Vaccine passports may soon become part of a “new normal” as more Vietnamese are getting their two shots.

As VnExpress reports, Prime Minister Phạm Minh Chính tasked the Ministry of Foreign Affairs with developing guidelines for the implementation of a vaccine passport in collaboration with regional nations.

The PM’s office named Southeast Asian countries, China, Japan, South Korea, the European Union and the United States as some nations and regions on the list for the passport. PM Chính also stressed the urgency and importance of employing an internationally recognized pandemic document in the current situation.

A work-in-progress version of the vaccine passport has already been carried out on a trial basis since the beginning of this month, albeit only for Vietnamese nationals. On September 4, a flight from Japan landed Van Don International Airport in Quang Ninh, bringing 297 fully immunized passengers back into the country. Similar flights from the US and France took place on September 14 and 23, respectively.

The vaccine passport trial program stipulates that passengers must either be fully vaccinated for at least two weeks or can provide proof of past COVID-19 infection.

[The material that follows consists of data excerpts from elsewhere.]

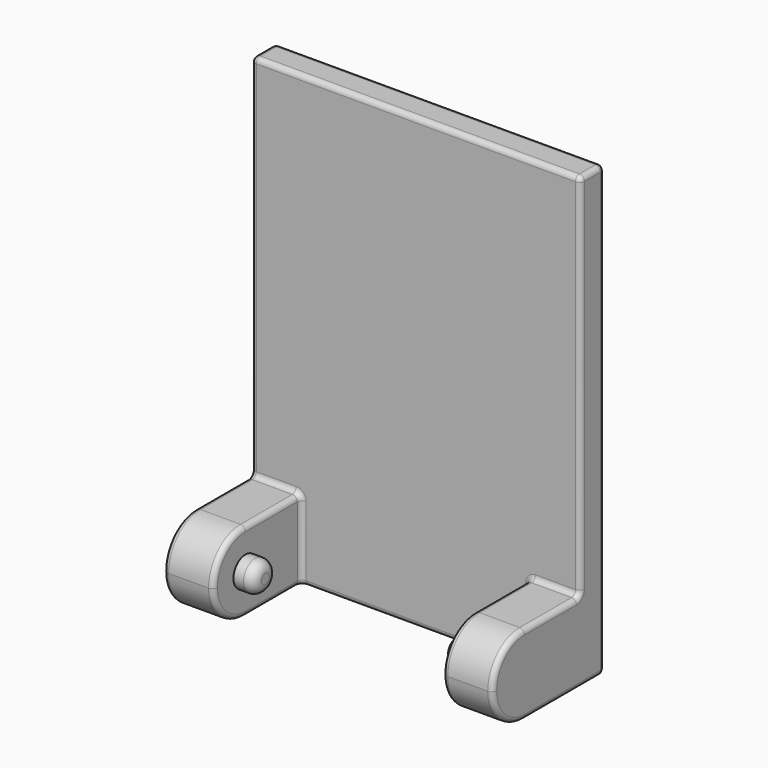
from build123d import *

# Parameters (mm, degrees)
F0_W     = 33
F0_H     = 45
F1_DEPTH = 3
F2_W     = 5
F2_H     = 8
F3_DEPTH = 11
F4_R     = 1.5
F5_DEPTH = 2
F6_R     = 1
F7_R     = 1.5
F8_DEPTH = 2
F9_R     = 1
F10_R    = 3.99999
F11_R    = 0.5


# Not quite as in the source:
# - a fillet or chamfer is up to 0.001 mm smaller than in the source, because OpenCascade refuses the exact size


with BuildPart() as f1:
    # F0 (on Front) → F1 (new body)
    with BuildSketch(Plane.XZ):
        with Locations((16.5, 22.5)):
            Rectangle(F0_W, F0_H)
    extrude(amount=-F1_DEPTH)

    # F2 (on face) → F3 (join)
    with BuildSketch(Plane.XZ):
        with Locations((2.5, 4)):
            Rectangle(F2_W, F2_H)
        with Locations((30.5, 4)):
            Rectangle(F2_W, F2_H)
    extrude(amount=F3_DEPTH)

    # F4 (on face) → F5 (join)
    with BuildSketch(Plane.YZ.offset(5)):
        with Locations((-7, 4)):
            Circle(F4_R)
    extrude(amount=F5_DEPTH)

    # F6
    f6_edges = [f1.edges().sort_by_distance(p)[0] for p in [
        (7, -8.5, 4),
    ]]
    fillet(f6_edges, radius=F6_R)

    # F7 (on face) → F8 (join)
    with BuildSketch(Plane(origin=(28, 0, 0), x_dir=(0, -1, 0), z_dir=(-1, 0, 0))):
        with Locations((7, 4)):
            Circle(F7_R)
    extrude(amount=F8_DEPTH)

    # F9
    f9_edges = [f1.edges().sort_by_distance(p)[0] for p in [
        (26, -5.5, 4),
    ]]
    fillet(f9_edges, radius=F9_R)

    # F10 (radius 4 in the source; OpenCascade refuses exactly that, so slightly less here)
    f10_edges = [f1.edges().sort_by_distance(p)[0] for p in [
        (2.5, -11, 8),
        (2.5, -11, 0),
        (30.5, -11, 8),
        (30.5, -11, 0),
    ]]
    fillet(f10_edges, radius=F10_R)

    # F11
    f11_edges = [f1.edges().sort_by_distance(p)[0] for p in [
        (0, 0, 26.5),
        (16.5, 0, 45),
        (33, 0, 26.5),
        (33, 1.5, 45),
        (33, 3, 22.5),
        (0, 1.5, 45),
        (16.5, 3, 45),
        (0, 3, 22.5),
        (16.5, 0, 0),
        (28, 0, 4),
        (0, -2.000005, 0),
        (0, -9.82843, 1.17157),
        (0, -3.500005, 8),
        (5, -9.82843, 1.17157),
        (5, -3.500005, 0),
        (16.5, 3, 0),
        (5, -3.500005, 8),
        (2.5, 0, 8),
        (28, -3.500005, 8),
        (28, -9.82843, 6.82843),
        (28, -11, 4),
        (28, -3.500005, 0),
        (28, -9.82843, 1.17157),
        (33, -3.500005, 8),
        (30.5, 0, 8),
        (33, -9.82843, 6.82843),
        (5, 0, 4),
        (33, -11, 4),
        (33, -2.000005, 0),
        (33, -9.82843, 1.17157),
        (5, -11, 4),
        (5, -9.82843, 6.82843),
        (0, -11, 4),
        (0, -9.82843, 6.82843),
    ]]
    fillet(f11_edges, radius=F11_R)


solid = f1.part

To board the plane, they need to provide a negative COVID-19 test (confirmed with the RT-PCR method) within 72 hours of the flight.

With the vaccine passport, travelers only need to spend seven days under centralized quarantine, followed by an additional seven days of home quarantine. It is unclear at the moment whether these policies will change after the pilot program concludes.

In December last year, Singapore and Vietnam came to an agreement to create an aviation “green lane” to facilitate business exchange and repatriation. Before more details of the deal could come to fruition, Vietnam was hit by its worst outbreak, while more and more clusters started to pop up in Singapore.